<<<<

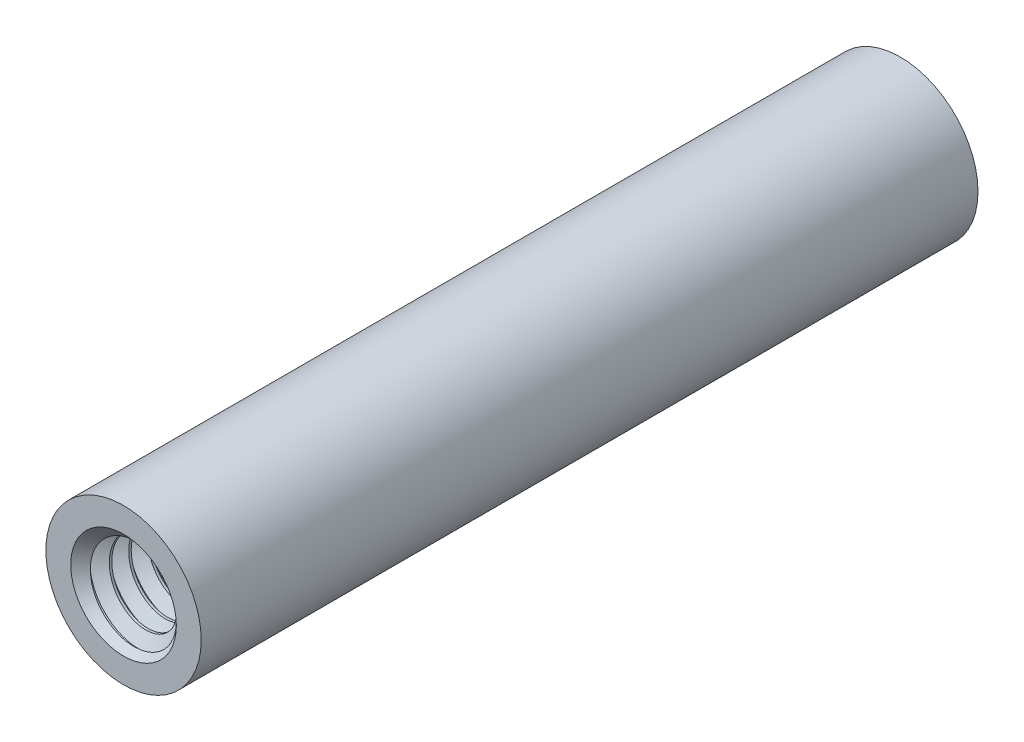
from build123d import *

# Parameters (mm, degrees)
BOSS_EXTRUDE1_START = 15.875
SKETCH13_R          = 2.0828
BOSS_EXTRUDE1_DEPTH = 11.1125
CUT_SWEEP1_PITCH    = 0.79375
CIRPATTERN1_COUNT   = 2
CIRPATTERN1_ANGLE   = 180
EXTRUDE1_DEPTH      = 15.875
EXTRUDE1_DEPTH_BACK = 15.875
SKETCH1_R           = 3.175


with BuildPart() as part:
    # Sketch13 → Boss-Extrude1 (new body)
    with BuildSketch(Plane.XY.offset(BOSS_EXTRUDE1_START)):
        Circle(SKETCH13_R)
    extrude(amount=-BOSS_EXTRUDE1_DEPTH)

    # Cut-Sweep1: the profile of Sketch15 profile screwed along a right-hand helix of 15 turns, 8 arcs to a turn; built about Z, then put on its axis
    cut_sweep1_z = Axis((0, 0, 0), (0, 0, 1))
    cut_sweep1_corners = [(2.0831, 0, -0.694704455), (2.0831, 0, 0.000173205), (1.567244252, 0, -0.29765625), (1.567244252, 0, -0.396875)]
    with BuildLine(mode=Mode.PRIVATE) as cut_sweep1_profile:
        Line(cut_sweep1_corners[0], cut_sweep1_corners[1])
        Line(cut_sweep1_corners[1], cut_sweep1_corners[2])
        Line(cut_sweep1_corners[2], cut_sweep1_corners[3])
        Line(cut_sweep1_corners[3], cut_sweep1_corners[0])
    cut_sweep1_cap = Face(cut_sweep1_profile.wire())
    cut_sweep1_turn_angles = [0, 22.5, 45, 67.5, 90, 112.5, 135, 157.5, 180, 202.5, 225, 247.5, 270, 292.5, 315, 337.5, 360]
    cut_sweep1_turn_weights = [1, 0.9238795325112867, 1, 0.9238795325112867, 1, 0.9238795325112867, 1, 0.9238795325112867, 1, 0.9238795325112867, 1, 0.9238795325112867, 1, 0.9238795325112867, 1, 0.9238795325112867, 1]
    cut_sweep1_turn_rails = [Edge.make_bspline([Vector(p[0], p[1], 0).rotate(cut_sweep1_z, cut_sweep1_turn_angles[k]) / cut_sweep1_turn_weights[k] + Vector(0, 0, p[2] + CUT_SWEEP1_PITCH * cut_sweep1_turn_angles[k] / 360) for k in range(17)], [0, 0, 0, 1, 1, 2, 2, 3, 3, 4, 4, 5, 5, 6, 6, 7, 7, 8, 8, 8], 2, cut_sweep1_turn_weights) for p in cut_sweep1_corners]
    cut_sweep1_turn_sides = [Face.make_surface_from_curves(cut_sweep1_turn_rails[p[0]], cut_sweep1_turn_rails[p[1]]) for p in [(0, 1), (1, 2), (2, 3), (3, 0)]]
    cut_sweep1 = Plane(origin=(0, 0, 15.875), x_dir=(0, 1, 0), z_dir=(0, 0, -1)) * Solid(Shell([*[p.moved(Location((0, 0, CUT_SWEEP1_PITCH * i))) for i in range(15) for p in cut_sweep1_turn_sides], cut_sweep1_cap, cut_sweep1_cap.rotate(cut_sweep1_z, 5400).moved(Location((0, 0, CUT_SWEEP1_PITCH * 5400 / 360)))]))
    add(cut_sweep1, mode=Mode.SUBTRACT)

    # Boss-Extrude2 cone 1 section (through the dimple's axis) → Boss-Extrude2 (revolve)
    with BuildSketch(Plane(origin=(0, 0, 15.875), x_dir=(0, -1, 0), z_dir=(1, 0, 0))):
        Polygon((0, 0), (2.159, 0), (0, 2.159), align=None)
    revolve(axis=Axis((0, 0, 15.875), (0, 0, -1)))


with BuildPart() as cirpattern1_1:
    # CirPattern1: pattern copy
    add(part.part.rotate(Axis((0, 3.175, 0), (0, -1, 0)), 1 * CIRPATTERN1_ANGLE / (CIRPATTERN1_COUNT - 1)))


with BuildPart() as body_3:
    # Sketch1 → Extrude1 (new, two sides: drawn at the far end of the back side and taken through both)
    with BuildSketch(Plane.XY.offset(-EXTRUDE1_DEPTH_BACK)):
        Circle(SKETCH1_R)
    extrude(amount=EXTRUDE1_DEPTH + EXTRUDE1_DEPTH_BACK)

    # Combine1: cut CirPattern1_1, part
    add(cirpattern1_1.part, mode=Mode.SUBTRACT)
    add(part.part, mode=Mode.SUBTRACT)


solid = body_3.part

>>>>

The data above should be repeated exactly, minus any pictures.

RESULT:
from build123d import *

# Parameters (mm, degrees)
BOSS_EXTRUDE1_START = 15.875
SKETCH13_R          = 2.0828
BOSS_EXTRUDE1_DEPTH = 11.1125
CUT_SWEEP1_PITCH    = 0.79375
CIRPATTERN1_COUNT   = 2
CIRPATTERN1_ANGLE   = 180
EXTRUDE1_DEPTH      = 15.875
EXTRUDE1_DEPTH_BACK = 15.875
SKETCH1_R           = 3.175


with BuildPart() as part:
    # Sketch13 → Boss-Extrude1 (new body)
    with BuildSketch(Plane.XY.offset(BOSS_EXTRUDE1_START)):
        Circle(SKETCH13_R)
    extrude(amount=-BOSS_EXTRUDE1_DEPTH)

    # Cut-Sweep1: the profile of Sketch15 profile screwed along a right-hand helix of 15 turns, 8 arcs to a turn; built about Z, then put on its axis
    cut_sweep1_z = Axis((0, 0, 0), (0, 0, 1))
    cut_sweep1_corners = [(2.0831, 0, -0.694704455), (2.0831, 0, 0.000173205), (1.567244252, 0, -0.29765625), (1.567244252, 0, -0.396875)]
    with BuildLine(mode=Mode.PRIVATE) as cut_sweep1_profile:
        Line(cut_sweep1_corners[0], cut_sweep1_corners[1])
        Line(cut_sweep1_corners[1], cut_sweep1_corners[2])
        Line(cut_sweep1_corners[2], cut_sweep1_corners[3])
        Line(cut_sweep1_corners[3], cut_sweep1_corners[0])
    cut_sweep1_cap = Face(cut_sweep1_profile.wire())
    cut_sweep1_turn_angles = [0, 22.5, 45, 67.5, 90, 112.5, 135, 157.5, 180, 202.5, 225, 247.5, 270, 292.5, 315, 337.5, 360]
    cut_sweep1_turn_weights = [1, 0.9238795325112867, 1, 0.9238795325112867, 1, 0.9238795325112867, 1, 0.9238795325112867, 1, 0.9238795325112867, 1, 0.9238795325112867, 1, 0.9238795325112867, 1, 0.9238795325112867, 1]
    cut_sweep1_turn_rails = [Edge.make_bspline([Vector(p[0], p[1], 0).rotate(cut_sweep1_z, cut_sweep1_turn_angles[k]) / cut_sweep1_turn_weights[k] + Vector(0, 0, p[2] + CUT_SWEEP1_PITCH * cut_sweep1_turn_angles[k] / 360) for k in range(17)], [0, 0, 0, 1, 1, 2, 2, 3, 3, 4, 4, 5, 5, 6, 6, 7, 7, 8, 8, 8], 2, cut_sweep1_turn_weights) for p in cut_sweep1_corners]
    cut_sweep1_turn_sides = [Face.make_surface_from_curves(cut_sweep1_turn_rails[p[0]], cut_sweep1_turn_rails[p[1]]) for p in [(0, 1), (1, 2), (2, 3), (3, 0)]]
    cut_sweep1 = Plane(origin=(0, 0, 15.875), x_dir=(0, 1, 0), z_dir=(0, 0, -1)) * Solid(Shell([*[p.moved(Location((0, 0, CUT_SWEEP1_PITCH * i))) for i in range(15) for p in cut_sweep1_turn_sides], cut_sweep1_cap, cut_sweep1_cap.rotate(cut_sweep1_z, 5400).moved(Location((0, 0, CUT_SWEEP1_PITCH * 5400 / 360)))]))
    add(cut_sweep1, mode=Mode.SUBTRACT)

    # Boss-Extrude2 cone 1 section (through the dimple's axis) → Boss-Extrude2 (revolve)
    with BuildSketch(Plane(origin=(0, 0, 15.875), x_dir=(0, -1, 0), z_dir=(1, 0, 0))):
        Polygon((0, 0), (2.159, 0), (0, 2.159), align=None)
    revolve(axis=Axis((0, 0, 15.875), (0, 0, -1)))


with BuildPart() as cirpattern1_1:
    # CirPattern1: pattern copy
    add(part.part.rotate(Axis((0, 3.175, 0), (0, -1, 0)), 1 * CIRPATTERN1_ANGLE / (CIRPATTERN1_COUNT - 1)))


with BuildPart() as body_3:
    # Sketch1 → Extrude1 (new, two sides: drawn at the far end of the back side and taken through both)
    with BuildSketch(Plane.XY.offset(-EXTRUDE1_DEPTH_BACK)):
        Circle(SKETCH1_R)
    extrude(amount=EXTRUDE1_DEPTH + EXTRUDE1_DEPTH_BACK)

    # Combine1: cut CirPattern1_1, part
    add(cirpattern1_1.part, mode=Mode.SUBTRACT)
    add(part.part, mode=Mode.SUBTRACT)


solid = body_3.part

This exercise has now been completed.